Intellectual property may be specially relevant to academics, but it is so for lots of other people, too. This discussion here reminds me of boat programming, with "DOI" in place of "boat", and "academics" in place of "programmers". And I'd argue that many people who are interested in how DOI deals with "evolving" datasets will not be academics (e.g., industry researchers, technical journalists etc.), and they'd likely rather expect such a question on OpenData than on Academia. (Thank goodness for search engines.)

Across the whole Stack Exchange, a question doesn't get migrated just because it's a good fit elsewhere. It only gets migrated if it's not a good fit here. So why was this question not considered a good fit here?

Compare the on-topic help for OpenData:

Open Data Stack Exchange is for developers and researchers interested in open data.

with the analogous page for Academia:

This site is for academics of all levels—from aspiring graduate and professional students to senior researchers—as well as anyone in or interested in research-related or research-adjacent fields.

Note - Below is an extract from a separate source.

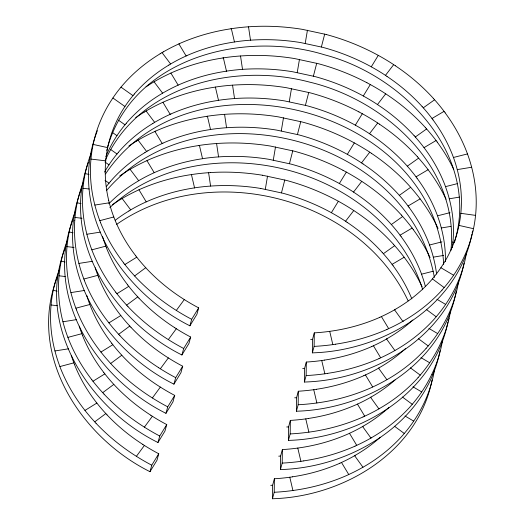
<?xml version="1.0" encoding="UTF-8"?>
<svg xmlns="http://www.w3.org/2000/svg" width="525" height="525" viewBox="0 0 525 525"><rect width="100%" height="100%" fill="white"/><g stroke="black" fill="none" stroke-linecap="round" stroke-linejoin="round"><path stroke-width="0.79" d="M432.036 379.995C417.854 452.812 342.589 496.808 272.449 498.75L272.613 485.251L274.385 478.767A192.038 171.412 15.3 0 0 288.953 477.356L292.55 476.844M272.449 498.75L274.221 492.266L274.385 478.767M440.016 350.812C425.834 423.636 350.569 467.631 280.429 469.573L280.593 456.074L282.371 449.59A192.038 171.412 15.3 0 0 296.933 448.179L300.53 447.661A182.352 162.763 15.3 0 0 347.931 434.024L351.028 432.567A171.839 153.385 15.3 0 0 360.098 427.954L363.031 426.307M280.429 469.573L282.201 463.089L282.371 449.59M447.858 322.291C433.355 394.78 358.332 438.434 288.409 440.396L288.579 426.891L290.351 420.407A192.038 171.412 15.3 0 0 304.92 418.996L308.516 418.484M288.409 440.396L290.187 433.913L290.351 420.407M455.838 293.114C441.335 365.597 366.312 409.257 296.395 411.219L296.559 397.714L298.331 391.23A192.038 171.412 15.3 0 0 312.9 389.819L316.496 389.307M296.395 411.219L298.167 404.736L298.331 391.23M463.962 263.281C449.781 336.098 374.515 380.1 304.375 382.036L304.539 368.537L306.318 362.053A192.038 171.412 15.3 0 0 320.88 360.642L324.476 360.13M304.375 382.036L306.147 375.552L306.318 362.053M471.942 234.104C457.761 306.922 382.502 350.923 312.355 352.859L312.526 339.36L314.298 332.876A192.038 171.412 15.3 0 0 328.867 331.465L332.463 330.953A182.352 162.763 15.3 0 0 379.864 317.317M312.355 352.859L314.134 346.375L314.298 332.876M74.786 220.238L75.062 216.897A160.788 143.515 15.3 0 1 77.004 203.674L77.7 200.406A162.304 144.867 15.3 0 1 83.167 182.536M450.909 250.412C459.723 167.016 384.818 99.855 309.363 82.051C235.128 62.35 139.099 84.873 105.295 160.302M452.931 241.664L452.602 244.683A145.825 130.161 15.3 0 1 452.202 247.688M265.302 189.249L267.527 176.118M273.289 160.072L275.507 146.941M281.269 130.896L283.493 117.764M289.249 101.719L291.473 88.587M297.235 72.542L299.453 59.404M305.215 43.365L307.44 30.227M448.12 320.978L448.363 319.666M455.982 292.458L456.225 291.145M472.192 232.792L472.434 231.479M61.74 258.766L61.038 262.027A160.788 143.515 15.3 0 0 59.095 275.251L58.826 278.591A163.669 146.088 15.3 0 0 62.272 319.056L63.092 322.416A169.437 151.239 15.3 0 0 67.272 335.731L68.519 339.025A178.566 159.383 15.3 0 0 91.842 379.759M85.687 171.229L84.984 174.497A160.788 143.515 15.3 0 0 83.042 187.72L82.773 191.061A163.669 146.088 15.3 0 0 86.218 231.525L87.038 234.878A169.437 151.239 15.3 0 0 91.219 248.194L92.466 251.488A178.566 159.383 15.3 0 0 115.789 292.228M108.17 145.491L107.54 148.45A145.878 130.213 15.3 0 0 105.774 160.453L105.525 163.485A148.759 132.779 15.3 0 0 108.662 200.261M458.515 227.443L459.145 224.483A145.825 130.161 15.3 0 0 460.583 215.506L460.911 212.487A148.838 132.851 15.3 0 0 457.249 169.621A154.527 137.931 15.3 0 0 453.456 157.474A162.619 145.149 15.3 0 0 432.987 119.857M449.072 318.419L449.774 315.151A160.735 143.469 15.3 0 0 450.384 311.87M473.018 230.882L473.721 227.62A160.735 143.469 15.3 0 0 475.302 217.724L475.663 214.397A163.748 146.16 15.3 0 0 471.64 167.239A169.437 151.239 15.3 0 0 467.48 153.917A177.529 158.458 15.3 0 0 445.148 112.849M106.752 150.504L107.107 149.034M281.466 192.872L284.786 179.983M289.452 163.688L292.766 150.806M297.432 134.512L300.746 121.623M305.412 105.335L308.733 92.446M313.399 76.158L316.713 63.269M321.379 46.981L324.693 34.092M107.303 148.299L107.697 146.836M55.414 282.22C29.183 358.66 82.615 438.126 149.986 471.686L151.758 465.202L158.753 453.758A192.439 171.773 15.3 0 1 145.943 446.427L142.839 444.472M64.719 249.257C35.451 326.392 89.355 408.509 157.966 442.509L159.744 436.026L166.74 424.581A192.439 171.773 15.3 0 1 153.923 417.25L150.826 415.288M70.547 226.4C46.325 302.334 99.396 380.061 165.952 413.333L167.724 406.849L174.72 395.404A192.439 171.773 15.3 0 1 161.903 388.073L158.806 386.111A183.422 163.721 15.3 0 1 122.968 356.514L120.625 353.935A173.545 154.908 15.3 0 1 113.886 346.047L111.772 343.35M79.57 194.047C52.848 270.618 106.352 350.516 173.933 384.156L175.704 377.672L182.7 366.227A192.439 171.773 15.3 0 1 169.89 358.897L166.786 356.934A183.422 163.721 15.3 0 1 130.948 327.338M87.34 165.506C61.11 241.946 114.548 321.412 181.912 354.979L183.691 348.495L190.687 337.05A192.439 171.773 15.3 0 1 177.87 329.72L174.773 327.757M95.327 136.329C69.09 212.769 122.528 292.235 189.899 325.802L191.671 319.318L198.667 307.873A192.439 171.773 15.3 0 1 185.85 300.543L182.752 298.581A183.422 163.721 15.3 0 1 146.915 268.984L144.572 266.405A173.545 154.908 15.3 0 1 137.832 258.517L135.719 255.819M158.753 453.758L156.982 460.241L149.986 471.686M166.74 424.581L164.962 431.064L157.966 442.509M174.72 395.404L172.948 401.887L165.952 413.333M182.7 366.227L180.928 372.711L173.933 384.156M190.687 337.05L188.908 343.534L181.912 354.979M198.667 307.873L196.895 314.357L189.899 325.802M107.894 146.107C134.065 57.363 244.499 29.932 324.621 54.836C403.653 75.383 480.559 155.4 454.591 241.973M70.757 225.77L71.584 223.23M95.53 135.693L96.429 133.173M87.55 164.87L88.443 162.35M79.793 193.417L80.686 190.903M71.807 222.6L72.706 220.08M55.624 281.584L56.516 279.064M96.653 132.543L97.368 130.673M80.929 190.273L81.644 188.403M65.198 248.003L65.92 246.133M56.739 278.434L57.461 276.557M378.276 55.374L371.28 66.819A191.625 171.045 15.3 0 1 383.933 74.353L386.984 76.368M226.242 71.164L229.838 70.652A191.632 171.052 15.3 0 1 240.739 69.497L244.407 69.241A197.315 176.124 15.3 0 1 292.707 71.761L314.783 76.519A197.269 176.078 15.3 0 1 363.307 95.983L370.296 84.551M362.309 113.728L355.32 125.173A191.625 171.045 15.3 0 1 367.966 132.713L371.024 134.722M354.329 142.905L347.333 154.35A191.625 171.045 15.3 0 1 359.986 161.89L363.038 163.898M108.78 203.785A160.624 143.371 15.3 0 1 136.946 181.788L139.794 180.049A171.275 152.88 15.3 0 1 151.804 173.795L154.914 172.371A182.352 162.763 15.3 0 1 202.302 158.734L205.892 158.183A191.632 171.052 15.3 0 1 216.792 157.028L220.461 156.772A197.315 176.124 15.3 0 1 268.761 159.292L290.837 164.056A197.269 176.078 15.3 0 1 339.36 183.52L346.349 172.088M260.781 188.455L282.857 193.233A197.269 176.078 15.3 0 1 331.38 212.697L338.363 201.265M100.452 222.311L99.199 219.017A169.437 151.239 15.3 0 1 95.018 205.702L94.185 202.348A163.669 146.088 15.3 0 1 90.733 161.877L91.022 158.543A160.788 143.515 15.3 0 1 92.964 145.313L93.667 142.052A162.304 144.867 15.3 0 1 112.133 99.12L114.03 96.298A167.121 149.166 15.3 0 1 120.205 88.108L122.41 85.463A175.534 156.68 15.3 0 1 160.178 53.773M105.525 173.933C191.92 44.822 435.323 107.579 443.671 264.377M176.321 310.426L184.301 299.558M168.335 339.603L176.321 328.735M160.355 368.78L168.341 357.912M152.375 397.963L160.355 387.096M144.388 427.14L152.375 416.273M136.408 456.317L144.395 445.449M385.462 75.364L393.684 64.647M377.475 104.541L385.704 93.824M369.495 133.718L377.718 123.007M361.515 162.894L369.738 152.184M353.528 192.071L361.758 181.361M345.548 221.248L353.771 210.538M134.308 94.067L132.293 96.475A151.863 135.548 15.3 0 0 124.93 106.496A147.394 131.558 15.3 0 0 108.15 145.484M126.322 123.244L124.313 125.652A151.863 135.548 15.3 0 0 116.95 135.673A147.394 131.558 15.3 0 0 105.879 156.621M118.342 152.421L116.333 154.829A151.863 135.548 15.3 0 0 108.964 164.85L104.967 162.022M110.362 181.598L108.347 184.006A151.863 135.548 15.3 0 0 106.404 186.46M106.575 190.496C198.686 82.917 409.126 136.848 434.372 277.436M442.004 290.069L444.275 287.47A167.488 149.5 15.3 0 0 452.655 276.636L454.565 273.827A162.304 144.867 15.3 0 0 473.038 230.888M426.038 348.423L428.315 345.824A167.488 149.5 15.3 0 0 436.695 334.996L438.605 332.181A162.304 144.867 15.3 0 0 457.078 289.242L457.754 285.974A160.735 143.469 15.3 0 0 458.692 280.717M418.058 377.6L420.328 375.008A167.488 149.5 15.3 0 0 428.708 364.173L430.625 361.358A162.304 144.867 15.3 0 0 449.092 318.419M109.863 207.493C204.402 120.776 384.005 166.622 422.73 289.761M134.636 275.953L145.753 267.684M126.656 305.13L137.773 296.861M118.676 334.307L129.787 326.038M110.69 363.484L121.807 355.215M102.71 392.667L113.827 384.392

If you have a question about...

  • Life as a graduate student, postdoctoral researcher, university professor
  • Transitioning from undergraduate to graduate researcher
  • Inner workings of research departments
  • Requirements and expectations of academicians
  • University-level pedagogy

... then you're in the right place!

Looking back at aeismail's rationale quoted above, I'd say that the migrated question fits much more comfortably into the first than the second category, although one can of course argue that it's "research-adjacent" and doesn't cover open data in particular.


(No, I'm not going to flag the question for re-migration, given that there seems to be a consensus that it should stay. As may be obvious, if the question had been posted today, I would have flagged it, for the reasons above.)